Keep in mind the old saying that there are no dumb questions....

You are talking to Kindle support, right? Not just Amazon support. Regular Amazon support just isn't as knowledgeable about Kindle issues as Kindle support is.

As far as your first issue goes, as others have pointed out this is one-click buying, more or less instantaneous - you can't "back out" - when you one-click, you've bought it. If you then cancel, even if it's immediately, you get a refund.

For the second issue, check your archives, if it isn't there, call Kindle support at 866-321-8851. I've heard very few complaints about Kindle support & their customer service. I'm guessing they'll be extra busy for the next few days with so many new owners.


----------



## iknowsomestuff (Dec 26, 2009)

ozone said:


> I've recently purchased a kindle 2 on dec 15. Since then, I've had nothing but problems with ordering online with the device. Once, I placed an order but backed out before I made the purchase and downloaded the sample file as I meant to in the first place. I received an email about that telling me that my order was canceled. Well that's strange, because I backed out before I made the actual purchase, so why do they post a transaction to my credit card and give me the option to back out and credit my card? As far as I'm concerned, if I don't back out, _then_ post the transaction..............dummies!!
> 
> Last night I ordered a book, and received it. Today, I open the kindle 2 to read it and it wasn't there. An email was sent to me thanking me for my order, blah, blah, blah. I contacted amazon immediately on this with the order # etc., providing the details of the situation.
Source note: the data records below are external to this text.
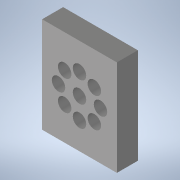
# Autodesk Inventor part: Foam_Top_Big_Mic
Saved by Autodesk Inventor 2021 (Build 250183000, 183)
## iProperties
Created: 2021-02-18
Part Number: Foam_Top_Big_Mic
Material: Polystyrene, Expanded
Document SubType Name: Modeling
Designer: negt20
Density: 0.05 g/cm^3
Appearance: Gray
Author: negt20
Autodesk Inventor part; units mm, degrees
ref_plane "YZ Plane" through (0, 0, 0) normal (1, 0, 0) x (0, 1, 0)
ref_plane "XZ Plane" through (0, 0, 0) normal (0, 1, 0) x (-1, 0, 0)
ref_plane "XY Plane" through (0, 0, 0) normal (0, 0, 1) x (1, 0, 0)
sketch "Sketch1" plane through (0, 0, 0) normal (0, 0, 1) x (1, 0, 0)
  line L0 (-50, 57) -> (50, 57)
  line L1 (50, 57) -> (50, -57)
  line L2 (50, -57) -> (-50, -57)
  line L3 (-50, -57) -> (-50, 57)
  point P0 (0, 0)
  point P1 (0, 57)
  point P2 (-50, 0)
  dimension "d0" = 100
  dimension "d1" = 114
  constraints: 8 end point, 2 midpoint, 2 parallel, 1 horizontal, 1 horizontal alignment, 1 perpendicular, 1 vertical alignment
  measures "d0" distance of L1.end L2.end
  measures "d1" distance of L0.end L1.end
extrude "Extrusion1" add sketch "Sketch1" along normal blind 25
sketch "Sketch2" plane through (0, 0, 0) normal (0, 0, -1) x (-1, 0, 0)
  line L0 (50, -57) -> (-50, -57) projected
  line L1 (-50, 57) -> (50, 57) projected
  line L2 (-50, -57) -> (50, 57) construction
  circle A0 centre (0, 0) radius 8
  line L3 (0, 0) -> (-25, 0) construction
  circle A1 centre (-25, 0) radius 8
  dimension "d4" = 16
  dimension "d5" = 25
  dimension "d6" = 16
  constraints: 4 end point, 2 centre point, 2 coincident, 1 horizontal
  measures "d4" diameter of A0
  measures "d5" distance of L3.start L3.end
  measures "d6" diameter of A1
extrude "Extrusion2" cut sketch "Sketch2" against normal through all
pattern_circular "Circular Pattern1" count 8 over 360 about axis through (0, 0, 0) along (0, 0, 1) of "Extrusion2"
body "Solid1"
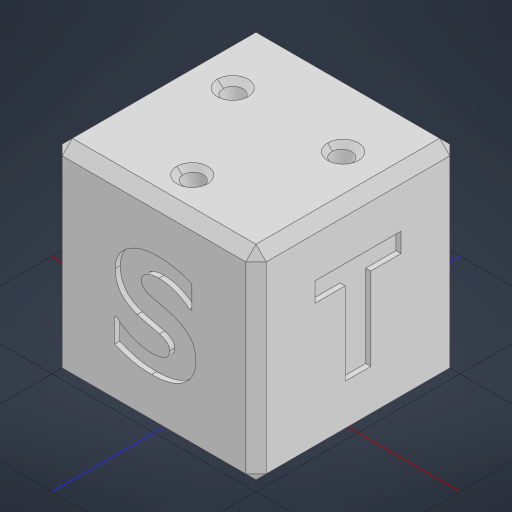
# Autodesk Inventor part: DartCube_Stef
Saved by Autodesk Inventor 2023.2 (Build 272271030, 271C)
## iProperties
Created: 2023-05-18
Part Number: DartCube_Stef
Material: Generisch
Document SubType Name: Modeling
Designer: Stefan
Mass: 61.7619 g
Surface Area: 101.076 cm^2
Volume: 61.7619 cm^3
Density: 1 g/cm^3
Appearance: Vorgabe
Author: Stefan
Autodesk Inventor part; units mm, degrees
ref_plane "YZ Plane" through (0, 0, 0) normal (1, 0, 0) x (0, 1, 0)
ref_plane "XZ Plane" through (0, 0, 0) normal (0, 1, 0) x (-1, 0, 0)
sketch "Skizze1" plane through (0, 0, 0) normal (0, 1, 0) x (-1, 0, 0)
  line L0 (-20, 20) -> (20, 20)
  line L1 (20, 20) -> (20, -20)
  line L2 (20, -20) -> (-20, -20)
  line L3 (-20, -20) -> (-20, 20)
  line L4 (-20, 20) -> (20, -20) construction
  line L5 (20, 20) -> (-20, -20) construction
  point P0 (0, 0)
  dimension "d0" = 40
  constraints: 12 end point, 2 midpoint, 2 parallel, 2 perpendicular, 1 horizontal
  measures "d0" distance of L1.end L2.end
extrude "Extrusion1" add sketch "Skizze1" along normal blind 40
ref_plane "Arbeitsebene2" through (0, 13, 0) normal (0, 1, 0) x (1, 0, 0)
sketch "Skizze8" plane through (0, 40, 0) normal (0, 1, 0) x (1, 0, 0)
  circle A0 centre (0, 0) radius 12.5 construction
  circle A1 centre (0, -12.5) radius 2
  circle A2 centre (10.8253, 6.25) radius 2
  circle A3 centre (-10.8253, 6.25) radius 2
  dimension "d32" = 25
  dimension "d33" = 4
  dimension "d36" = 360
  constraints: 3 centre point, 2 vertical alignment, 1 coincident, 9 other
  measures "d33" diameter of A1
sketch "Skizze9" plane through (0, 13, 0) normal (0, 1, 0) x (1, 0, 0)
  circle A0 centre (0, 0) radius 7.5 construction
  circle A1 centre (0, -7.5) radius 1
  circle A2 centre (6.4952, 3.75) radius 1
  circle A3 centre (-6.4952, 3.75) radius 1
  dimension "d38" = 15
  dimension "d39" = 2
  dimension "d42" = 360
  constraints: 3 centre point, 2 vertical alignment, 1 coincident, 9 other
  measures "d39" diameter of A1
loft "Erhebung1" cut profiles "Skizze8", "Skizze9" contours A1 / A1
loft "Erhebung2" cut profiles "Skizze8", "Skizze9" contours A2 / A2
loft "Erhebung3" cut profiles "Skizze8", "Skizze9" contours A3 / A3
chamfer "Fase1" distance 2 angle 45 12 edges at (20, 20, 20) (20, 40, 0) (0, 40, 20) (0, 40, -20) (20, 20, -20) (0, 0, -20) (20, 0, 0) (-20, 20, -20) (-20, 0, 0) (-20, 40, 0) (-20, 20, 20) (0, 0, 20)
chamfer "Fase2" distance 1 angle 45 3 edges at (-2, 40, 12.5) (-12.8253, 40, -6.25) (8.8253, 40, -6.25)
sketch "Skizze4" plane through (20, 2, 20) normal (0, 0, 1) x (1, 0, 0)
  line L0 (-38, 36) -> (-2, 36) construction
  line L1 (-2, 36) -> (-2, 0) construction
  line L2 (-2, 0) -> (-38, 0) construction
  line L3 (-38, 0) -> (-38, 36) construction
  line L4 (0, 0) -> (0, 0) projected
  line L5 (-38, 36) -> (-2, 36) projected
  line L6 (-2, 36) -> (-2, 0) projected
  line L7 (-2, 0) -> (-38, 0) projected
  line L8 (-38, 0) -> (-38, 36) projected
  spline S0 degree 2 poles (-20.4619, 7.6434) (-22.7634, 7.6434) (-26.2318, 8.5348) (-27.7229, 9.1831) knots 0 0 0 1 2 2 2
  line L9 (-27.7229, 9.1831) -> (-27.7229, 13.9481)
  line L10 (-27.7229, 13.9481) -> (-27.269, 13.9481)
  spline S1 degree 2 poles (-27.269, 13.9481) (-25.7618, 12.6677) (-22.1475, 11.2901) (-20.4457, 11.2901) knots 0 0 0 1 2 2 2
  spline S2 degree 2 poles (-20.4457, 11.2901) (-20.0081, 11.2901) (-18.5981, 11.4846) (-18.1767, 11.6791) knots 0 0 0 1 2 2 2
  spline S3 degree 2 poles (-18.1767, 11.6791) (-17.658, 11.906) (-16.9287, 12.7326) (-16.9287, 13.3971) knots 0 0 0 1 2 2 2
  spline S4 degree 2 poles (-16.9287, 13.3971) (-16.9287, 14.1588) (-18.1118, 15.0989) (-18.9222, 15.3096) knots 0 0 0 1 2 2 2
  spline S5 degree 2 poles (-18.9222, 15.3096) (-19.9433, 15.5851) (-22.2609, 16.0551) (-23.282, 16.4117) knots 0 0 0 1 2 2 2
  spline S6 degree 2 poles (-23.282, 16.4117) (-25.5997, 17.222) (-27.6094, 19.9935) (-27.6094, 22.0681) knots 0 0 0 1 2 2 2
  spline S7 degree 2 poles (-27.6094, 22.0681) (-27.6094, 24.872) (-22.8606, 28.3566) (-19.295, 28.3566) knots 0 0 0 1 2 2 2
  spline S8 degree 2 poles (-19.295, 28.3566) (-17.5122, 28.3566) (-13.9789, 27.6272) (-12.5851, 27.0113) knots 0 0 0 1 2 2 2
  line L11 (-12.5851, 27.0113) -> (-12.5851, 22.4408)
  line L12 (-12.5851, 22.4408) -> (-13.0227, 22.4408)
  spline S9 degree 2 poles (-13.0227, 22.4408) (-14.141, 23.3971) (-17.3501, 24.7099) (-19.0357, 24.7099) knots 0 0 0 1 2 2 2
  spline S10 degree 2 poles (-19.0357, 24.7099) (-19.7002, 24.7099) (-20.7374, 24.5154) (-21.3209, 24.2561) knots 0 0 0 1 2 2 2
  spline S11 degree 2 poles (-21.3209, 24.2561) (-21.7909, 24.0454) (-22.4716, 23.2026) (-22.4716, 22.684) knots 0 0 0 1 2 2 2
  spline S12 degree 2 poles (-22.4716, 22.684) (-22.4716, 21.906) (-21.3857, 21.0146) (-19.8298, 20.658) knots 0 0 0 1 2 2 2
  spline S13 degree 2 poles (-19.8298, 20.658) (-18.825, 20.4311) (-16.9611, 19.9935) (-15.8914, 19.6207) knots 0 0 0 1 2 2 2
  spline S14 degree 2 poles (-15.8914, 19.6207) (-13.8169, 18.859) (-11.7909, 16.3306) (-11.7909, 14.2561) knots 0 0 0 1 2 2 2
  spline S15 degree 2 poles (-11.7909, 14.2561) (-11.7909, 11.2739) (-16.4749, 7.6434) (-20.4619, 7.6434) knots 0 0 0 1 2 2 2
  point P0 (-20, -2)
  dimension "d0" = 40
  constraints: 4 collinear, 2 other
sketch "Skizze5" plane through (20, 2, -20) normal (1, 0, 0) x (0, 0, -1)
  line L0 (-38, 36) -> (-2, 36) construction
  line L1 (-2, 36) -> (-2, 0) construction
  line L2 (-2, 0) -> (-38, 0) construction
  line L3 (-38, 0) -> (-38, 36) construction
  line L4 (0, 0) -> (0, 0) projected
  line L5 (-38, 0) -> (-38, 36) projected
  line L6 (-2, 0) -> (-38, 0) projected
  line L7 (-2, 36) -> (-2, 0) projected
  line L8 (-38, 36) -> (-2, 36) projected
  line L9 (-22.5122, 8) -> (-22.5122, 24.1912)
  line L10 (-22.5122, 24.1912) -> (-28.4279, 24.1912)
  line L11 (-28.4279, 24.1912) -> (-28.4279, 28)
  line L12 (-28.4279, 28) -> (-11.5721, 28)
  line L13 (-11.5721, 28) -> (-11.5721, 24.1912)
  line L14 (-11.5721, 24.1912) -> (-17.4878, 24.1912)
  line L15 (-17.4878, 24.1912) -> (-17.4878, 8)
  line L16 (-17.4878, 8) -> (-22.5122, 8)
  point P0 (-20, -2)
  dimension "d0" = 40
  constraints: 4 collinear, 2 other
sketch "Skizze6" plane through (-20, 2, -20) normal (0, 0, -1) x (-1, 0, 0)
  line L0 (-38, 36) -> (-2, 36) construction
  line L1 (-2, 36) -> (-2, 0) construction
  line L2 (-2, 0) -> (-38, 0) construction
  line L3 (-38, 0) -> (-38, 36) construction
  line L4 (0, 0) -> (0, 0) projected
  line L5 (-38, 36) -> (-2, 36) projected
  line L6 (-38, 0) -> (-38, 36) projected
  line L7 (-2, 0) -> (-38, 0) projected
  line L8 (-2, 36) -> (-2, 0) projected
  line L9 (-26.3857, 8) -> (-26.3857, 28)
  line L10 (-26.3857, 28) -> (-12.8687, 28)
  line L11 (-12.8687, 28) -> (-12.8687, 24.1912)
  line L12 (-12.8687, 24.1912) -> (-21.3938, 24.1912)
  line L13 (-21.3938, 24.1912) -> (-21.3938, 20.6742)
  line L14 (-21.3938, 20.6742) -> (-13.5332, 20.6742)
  line L15 (-13.5332, 20.6742) -> (-13.5332, 16.8655)
  line L16 (-13.5332, 16.8655) -> (-21.3938, 16.8655)
  line L17 (-21.3938, 16.8655) -> (-21.3938, 11.8088)
  line L18 (-21.3938, 11.8088) -> (-12.8687, 11.8088)
  line L19 (-12.8687, 11.8088) -> (-12.8687, 8)
  line L20 (-12.8687, 8) -> (-26.3857, 8)
  point P0 (-20, -2)
  dimension "d0" = 40
  constraints: 4 collinear, 2 other
sketch "Skizze7" plane through (-20, 2, 20) normal (-1, 0, 0) x (0, 0, 1)
  line L0 (-38, 36) -> (-2, 36) construction
  line L1 (-2, 36) -> (-2, 0) construction
  line L2 (-2, 0) -> (-38, 0) construction
  line L3 (-38, 0) -> (-38, 36) construction
  line L4 (0, 0) -> (0, 0) projected
  line L5 (-38, 36) -> (-2, 36) projected
  line L6 (-38, 0) -> (-38, 36) projected
  line L7 (-2, 0) -> (-38, 0) projected
  line L8 (-2, 36) -> (-2, 0) projected
  line L9 (-12.5284, 24.1912) -> (-20.9238, 24.1912)
  line L10 (-20.9238, 24.1912) -> (-20.9238, 20.4149)
  line L11 (-20.9238, 20.4149) -> (-13.1929, 20.4149)
  line L12 (-13.1929, 20.4149) -> (-13.1929, 16.6062)
  line L13 (-13.1929, 16.6062) -> (-20.9238, 16.6062)
  line L14 (-20.9238, 16.6062) -> (-20.9238, 8)
  line L15 (-20.9238, 8) -> (-25.9157, 8)
  line L16 (-25.9157, 8) -> (-25.9157, 28)
  line L17 (-25.9157, 28) -> (-12.5284, 28)
  line L18 (-12.5284, 28) -> (-12.5284, 24.1912)
  point P0 (-20, -2)
  dimension "d0" = 40
  constraints: 4 collinear, 2 other
emboss "Prägen1" sketch "Skizze4" operation cut depth 1 direction (0, 0, -1) contours S0 L9 L10 S1 S2 S3 S4 S5 S6 S7 S8 L11 L12 S9 S10 S11 S12 S13 S14 S15
emboss "Prägen2" sketch "Skizze5" operation cut depth 1 direction (-1, 0, 0) contours L9 L10 L11 L12 L13 L14 L15 L16
emboss "Prägen3" sketch "Skizze6" operation cut depth 1 direction (0, 0, 1) contours L9 L10 L11 L12 L13 L14 L15 L16 L17 L18 L19 L20
emboss "Prägen4" sketch "Skizze7" operation cut depth 1 direction (1, 0, 0) contours L9 L10 L11 L12 L13 L14 L15 L16 L17 L18
equation "\"d2\" = d0"

I know my credit card statement will be a mess that only an accountant will be able to decipher, and I'm seriously considering returing the device and getting a different eBook reader, perhaps from a reputable company that doesn't have these ordering problems. I explained to amazon that when I purchase a book from a brick and mortar store, the sales clerk doesn't follow me and rip the book from my hands after I've payed for it. I contacted my credit card company on this, and they have 2 options for me to pursue, put the matter into dispute once I receive my statement, or fight with amazon. I'm already fighting with them, and I will put the matter into dispute once I receive my statement. I don't think I'd buy a pair of socks from them!!
> 
> I have other books that I've purchased from them, and had no problems, so I can't figure out the reason of them pulling books out of my kindle 2 dutifully payed for!


Ordering the books is basically like 1-click, where if you click you bought. Same with this. Backing out isn't not placing the order.

When you say you received it, what does that mean?

Definitely check archived items.

Don't start off fighting them. They want to help. Just talk to them.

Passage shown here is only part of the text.